LES AUTRES CHIFFRES VIRAUX Trois affirmations circulent en boucle sur les batteries. Aucune ne résiste à la vérification. « Il faut 1 million de litres d'eau pour produire 1 tonne de lithium, une batterie consomme l'équivalent de 500 personnes pendant un an. » Une batterie moyenne contient 8 à 10 kg de lithium. Même en retenant les pires estimations d'évaporation dans les salars d'Amérique du Sud, l'eau consommée pour une batterie est d'environ 5 000 à 10 000 litres, soit entre le cinquième et le dixième de la consommation annuelle d'une seule personne. « 80 % du cobalt mondial est produit au Congo par 40 000 enfants. » Des enfants travaillent bien dans certaines mines artisanales en RDC, et c'est un scandale. Mais l'extraction artisanale n'a jamais représenté qu'une fraction de la production : environ 10 % en 2018 au pic des prix, 12 % en 2021, et sous les 2 % en 2024 selon le Cobalt Institute. Le reste est industriel et mécanisé. Surtout, la chimie LFP (lithium-fer-phosphate), en train de devenir majoritaire, ne contient pas un gramme de cobalt ni de nickel.
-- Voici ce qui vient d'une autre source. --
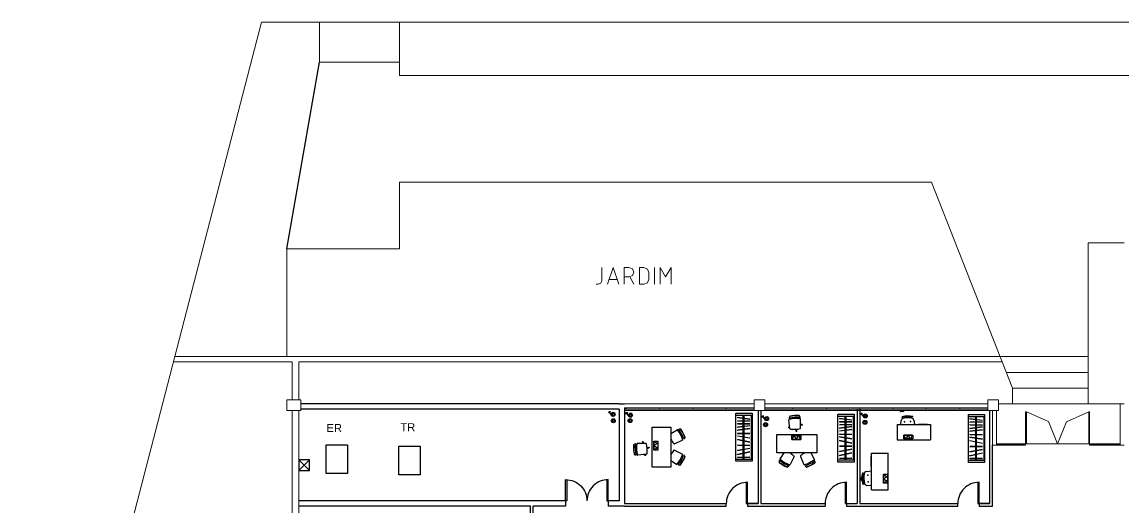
# Model space of a CAD drawing. Header units: millimetres. Extents: x 379 to 563, y 812 to 870.
# Drawn here: x 386.08 to 427.4, y 851.26 to 869.51 of the extents above; entities that cross this region are included whole.
import ezdxf

# ---------------------------------------------------------------- set-up
doc = ezdxf.new("R2010")
doc.units = ezdxf.units.MM
for name, color, linetype in [('ARREDI', 2, 'Continuous'), ('LAYOUT', 6, 'Continuous'), ('mobiliario', 140, 'Continuous'), ('pontos', 72, 'Continuous')]:
    doc.layers.add(name, color=color, linetype=linetype)
doc.styles.get("Standard").update_dxf_attribs({"font": 'arial.ttf'})

# ---------------------------------------------------------------- blocks, each defined once
blk = doc.blocks.new('tavoloufficio2')
at = {"layer": 'ARREDI'}
for p, q in [((-104.4, 123.1), (-108.3, 125.4)), ((-70, 124.8), (-91.2, 138.6)), ((-70, 150), (0, 150)), ((-70, 0), (-70, 150)), ((0, 150), (0, 0)), ((-83.7, 85.9), (-113.1, 100.9)), ((-106.2, 120), (-110.1, 122.3)), ((21.2, 101.3), (54, 105)), ((24.3, 105.4), (25.3, 106.9)), ((24.3, 105.4), (25, 104.9)), ((26.5, 106.4), (24.7, 105.5)), ((24.7, 105.5), (26.6, 101.9)), ((25.3, 106.9), (26.2, 106.3)), ((26.5, 106.4), (29, 102.1)), ((26.8, 105.8), (29.4, 104.1)), ((28.6, 102.8), (29.4, 104.1)), ((56.3, 103.2), (56.2, 102.7)), ((56.5, 102.8), (56.2, 102.5)), ((56.3, 103.2), (58.1, 102.7)), ((58, 101.4), (56.5, 102.8)), ((58, 101.4), (56.8, 100)), ((57.6, 100.9), (57, 98.9)), ((58.1, 102.7), (57.8, 101.6)), ((58.8, 85.2), (63.3, 85.5)), ((-82.7, 62.3), (-112.8, 48.8)), ((11.1, 77), (12, 77.6)), ((12.3, 75.6), (11.1, 77)), ((11.9, 78), (19.1, 79.5)), ((11.9, 78), (12.3, 76)), ((12.3, 76), (19.3, 77.2)), ((12.3, 75.6), (13, 76.1)), ((12.6, 78.1), (15.1, 80.1)), ((16, 78.9), (15.1, 80.1)), ((23.6, 61.2), (56.6, 61.4)), ((34.9, 59.5), (33.5, 59)), ((34.6, 56.1), (33.5, 59)), ((34.5, 55.4), (35.1, 61.3)), ((34.5, 55.4), (36.5, 55.1)), ((35.2, 54.3), (34.8, 55.3)), ((36.9, 54.9), (35.2, 54.3)), ((36.5, 55.1), (37.4, 61.3)), ((36.9, 54.9), (36.6, 55.8)), ((59, 81.6), (63.5, 81.9)), ((63, 69.9), (59, 71.6)), ((63.6, 71.8), (59.1, 74)), ((59.1, 71.5), (59.2, 70)), ((62.4, 70.1), (59.2, 70)), ((63, 69.9), (63.5, 71)), ((63.5, 70.2), (63.1, 70.2)), ((63.6, 72), (63.2, 72)), ((-106.9, 29.3), (-110.9, 27.3)), ((-105.2, 26.1), (-109.2, 24.1)), ((-70, 23.3), (-92.8, 10)), ((0, 0), (-70, 0))]:
    blk.add_line(p, q, dxfattribs=at)
for centre, radius, start, end in [((-0.8, 60.9), 132.3, 142.4822, 157.2012), ((-0.8, 60.9), 131.3, 142.1233, 157.5998), ((-0.8, 60.9), 125.3, 140.6558, 158.9788), ((-0.8, 60.9), 120.8, 140.1748, 159.5483), ((-104.3, 140.4), 1.85, 95.1963, 143.9209), ((-104, 117.3), 24.9, 76.7135, 90.9718), ((-98.3, 140.8), 0.753, 328.0809, 88.0853), ((-92.2, 137), 1.89, 55.7095, 143.3442), ((-104, 117.3), 24.9, 58.7586, 59.2603), ((-121.1, 111.4), 1.85, 155.8022, 204.5268), ((-100.9, 122.7), 24.9, 208.7513, 223.0096), ((-118.5, 106.1), 0.753, 211.6378, 346.4038), ((-112.2, 102.6), 1.89, 156.3789, 244.0137), ((-100.9, 122.7), 24.9, 240.4629, 240.9645), ((-82.9, 87.7), 2, 239.6858, 321.0951), ((-158, 152.2), 101, 319.2993, 330.6457), ((119.8, 87.1), 101, 172.8559, 193.9804), ((21.6, 99.3), 2, 93.2423, 174.6517), ((55.9, 80.1), 24.9, 94.0194, 94.5211), ((54.2, 103.1), 1.89, 9.9355, 97.5702), ((-61.7, 76.2), 120.8, 353.7314, 13.1049), ((61.4, 103.7), 0.753, 65.1943, 199.9604), ((-61.7, 76.2), 125.3, 354.2124, 12.5354), ((55.9, 80.1), 24.9, 62.3078, 76.5662), ((-61.7, 76.2), 131.3, 355.6798, 11.1564), ((66.5, 100.6), 1.85, 9.3588, 58.0833), ((-61.7, 76.2), 132.3, 356.0388, 10.7578), ((-101.8, 26.4), 24.9, 134.0938, 148.3522), ((-118.5, 43.9), 0.753, 25.4612, 145.4657), ((1.4, 83), 125.3, 198.0362, 216.3592), ((-112, 47.1), 1.89, 113.0898, 200.7245), ((1.4, 83), 120.8, 197.5552, 216.9286), ((-101.8, 26.4), 24.9, 116.139, 116.6406), ((-82, 60.4), 2, 36.0083, 117.4177), ((-160.3, -0.2), 101, 26.6336, 37.8041), ((23.7, 63.2), 2, 192.1845, 273.5939), ((56.5, 63.3), 1.89, 269.266, 356.9007), ((55.5, 86.3), 24.9, 272.3152, 272.8168), ((63.7, 63.6), 0.753, 181.6374, 301.6419), ((55.5, 86.3), 24.9, 290.27, 304.5284), ((68.5, 67.2), 1.85, 308.7529, 357.4774), ((-121.3, 38.7), 1.85, 152.5767, 201.3012), ((1.4, 83), 132.3, 199.8625, 214.5816), ((1.4, 83), 131.3, 199.5036, 214.9802), ((-106, 8.9), 1.85, 213.1826, 261.9071), ((-104.6, 32), 24.9, 266.1316, 280.39), ((-100.1, 8.2), 0.753, 269.0181, 43.7842), ((-93.8, 11.6), 1.89, 213.7593, 301.394), ((-104.6, 32), 24.9, 297.8432, 298.3448)]:
    blk.add_arc(centre, radius, start, end, dxfattribs=at)

msp = doc.modelspace()

# ---------------------------------------------------------------- linework, layer by layer
for p, q in [((396.013, 860.99), (397.228, 868.004)), ((408.464, 855.179), (396.539, 855.179)), ((408.464, 854.979), (396.539, 854.979)), ((408.464, 855.179), (408.664, 855.179)), ((408.464, 854.979), (408.464, 851.528)), ((408.664, 855.029), (408.664, 851.428)), ((413.685, 854.928), (413.685, 851.428)), ((413.785, 854.928), (413.785, 851.428)), ((417.393, 854.978), (417.393, 851.428)), ((417.493, 854.978), (417.493, 851.428)), ((422.366, 851.428), (422.366, 854.928)), ((422.466, 851.328), (422.466, 853.626)), ((396.464, 852.674), (396.864, 853.074)), ((396.464, 853.074), (396.864, 852.674)), ((406.464, 851.528), (396.464, 851.528)), ((405.144, 851.328), (396.464, 851.328)), ((405.144, 850.228), (405.144, 851.328)), ((406.464, 851.328), (405.244, 851.328)), ((405.244, 850.228), (405.244, 851.328)), ((406.464, 851.528), (406.464, 851.328)), ((408.464, 851.528), (408.064, 851.528)), ((408.064, 851.528), (408.064, 851.328)), ((408.664, 851.328), (408.064, 851.328)), ((408.664, 851.428), (412.485, 851.428)), ((408.664, 851.328), (412.485, 851.328)), ((412.485, 851.328), (412.485, 851.428)), ((413.685, 851.428), (413.285, 851.428)), ((413.285, 851.428), (413.285, 851.328)), ((413.285, 851.428), (413.685, 851.428)), ((413.285, 851.328), (413.835, 851.328)), ((413.785, 851.428), (416.193, 851.428)), ((413.835, 851.328), (416.193, 851.328)), ((416.193, 851.428), (416.193, 851.328)), ((416.993, 851.428), (416.993, 851.328)), ((416.993, 851.428), (417.393, 851.428)), ((416.993, 851.328), (421.166, 851.328)), ((417.493, 851.428), (421.166, 851.428)), ((421.166, 851.328), (421.166, 851.428)), ((422.366, 851.428), (421.966, 851.428)), ((421.966, 851.428), (421.966, 851.328)), ((421.966, 851.428), (422.366, 851.428)), ((421.966, 851.328), (422.466, 851.328))]:
    msp.add_line(p, q)
at = {"color": 7, "lineweight": 0}
for points in [[(395.061, 869.507), (386.081, 834.838)], [(545.109, 869.507), (395.061, 869.507)], [(397.228, 869.507), (397.228, 868.004), (400.234, 868.004), (400.234, 869.507)], [(400.234, 867.503), (400.234, 869.507)], [(544.846, 867.503), (400.234, 867.503)], [(420.186, 863.495), (400.234, 863.495)], [(400.234, 860.99), (400.234, 863.495)], [(423.217, 855.767), (420.186, 863.495)], [(426.06, 855.179), (426.06, 861.216)], [(426.06, 861.216), (427.4, 861.216)], [(396.013, 856.957), (396.013, 860.99)], [(396.013, 860.99), (400.234, 860.99)], [(407.611, 859.662), (407.686, 859.662), (407.786, 859.7), (407.824, 859.8), (407.824, 860.289)], [(408.037, 859.662), (408.25, 860.289), (408.463, 859.662)], [(408.663, 859.662), (408.663, 860.289), (408.838, 860.289)], [(408.838, 859.938), (408.964, 859.988), (409.014, 860.113), (408.964, 860.239), (408.838, 860.289)], [(409.227, 859.662), (409.389, 859.662), (409.527, 859.713), (409.577, 859.85), (409.577, 860.101), (409.527, 860.226), (409.389, 860.289), (409.227, 860.289), (409.227, 859.662), (409.227, 859.662)], [(409.79, 859.662), (409.79, 860.289)], [(410.003, 859.662), (410.003, 860.289), (410.204, 859.938), (410.417, 860.289), (410.417, 859.662)], [(408.4, 859.838), (408.099, 859.838)], [(408.838, 859.938), (408.663, 859.938)], [(408.876, 859.938), (409.014, 859.662)], [(422.691, 856.957), (391.805, 856.957)], [(426.06, 856.957), (422.691, 856.957)], [(396.213, 856.757), (391.754, 856.757)], [(396.213, 856.757), (396.213, 855.329)], [(396.464, 856.757), (396.464, 855.329)], [(422.829, 856.757), (396.464, 856.757)], [(426.06, 856.356), (422.979, 856.356)], [(426.06, 855.767), (423.217, 855.767)], [(423.217, 855.767), (423.217, 855.179)], [(396.013, 854.928), (396.539, 854.928), (396.539, 855.329), (396.013, 855.329), (396.013, 854.928), (396.013, 854.928)], [(413.535, 854.928), (413.936, 854.928), (413.936, 855.329), (413.535, 855.329), (413.535, 854.928), (413.535, 854.928)], [(422.29, 854.928), (422.691, 854.928), (422.691, 855.329), (422.29, 855.329), (422.29, 854.928), (422.29, 854.928)], [(396.213, 854.928), (396.213, 849.016)], [(396.464, 854.928), (396.464, 841.552)], [(408.664, 855.179), (413.535, 855.179)], [(408.664, 855.028), (413.535, 855.028)], [(408.664, 854.978), (413.535, 854.978)], [(408.664, 854.928), (413.535, 854.928)], [(408.738, 854.978), (408.738, 855.028)], [(409.978, 854.978), (409.978, 855.028)], [(411.231, 854.978), (411.231, 855.028)], [(412.483, 854.978), (412.483, 855.028)], [(413.936, 855.179), (422.29, 855.179)], [(413.936, 855.028), (422.29, 855.028)], [(413.936, 854.978), (422.29, 854.978)], [(413.936, 854.928), (422.29, 854.928)], [(414.988, 854.978), (414.988, 855.028)], [(416.241, 854.978), (416.241, 855.028)], [(417.493, 854.978), (417.493, 855.028)], [(418.733, 854.978), (418.733, 855.028)], [(419.986, 854.978), (419.986, 855.028)], [(421.238, 854.978), (421.238, 855.028)], [(422.466, 854.928), (422.466, 853.626), (423.655, 853.626)], [(422.616, 854.928), (422.616, 853.626)], [(427.25, 855.179), (422.691, 855.179)], [(423.705, 854.878), (423.743, 854.878), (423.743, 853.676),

La question ne se pose plus pour ces batteries. « Sans terres rares, pas de voitures électriques. » Il n'y a aucune terre rare dans les batteries lithium-ion. Il peut y en avoir dans certains moteurs à aimants permanents, mais de nombreux modèles s'en affranchissent, comme la Renault Zoé ou les Tesla Model S et X à induction. En revanche, il y a bien des terres rares dans les pots catalytiques des véhicules thermiques.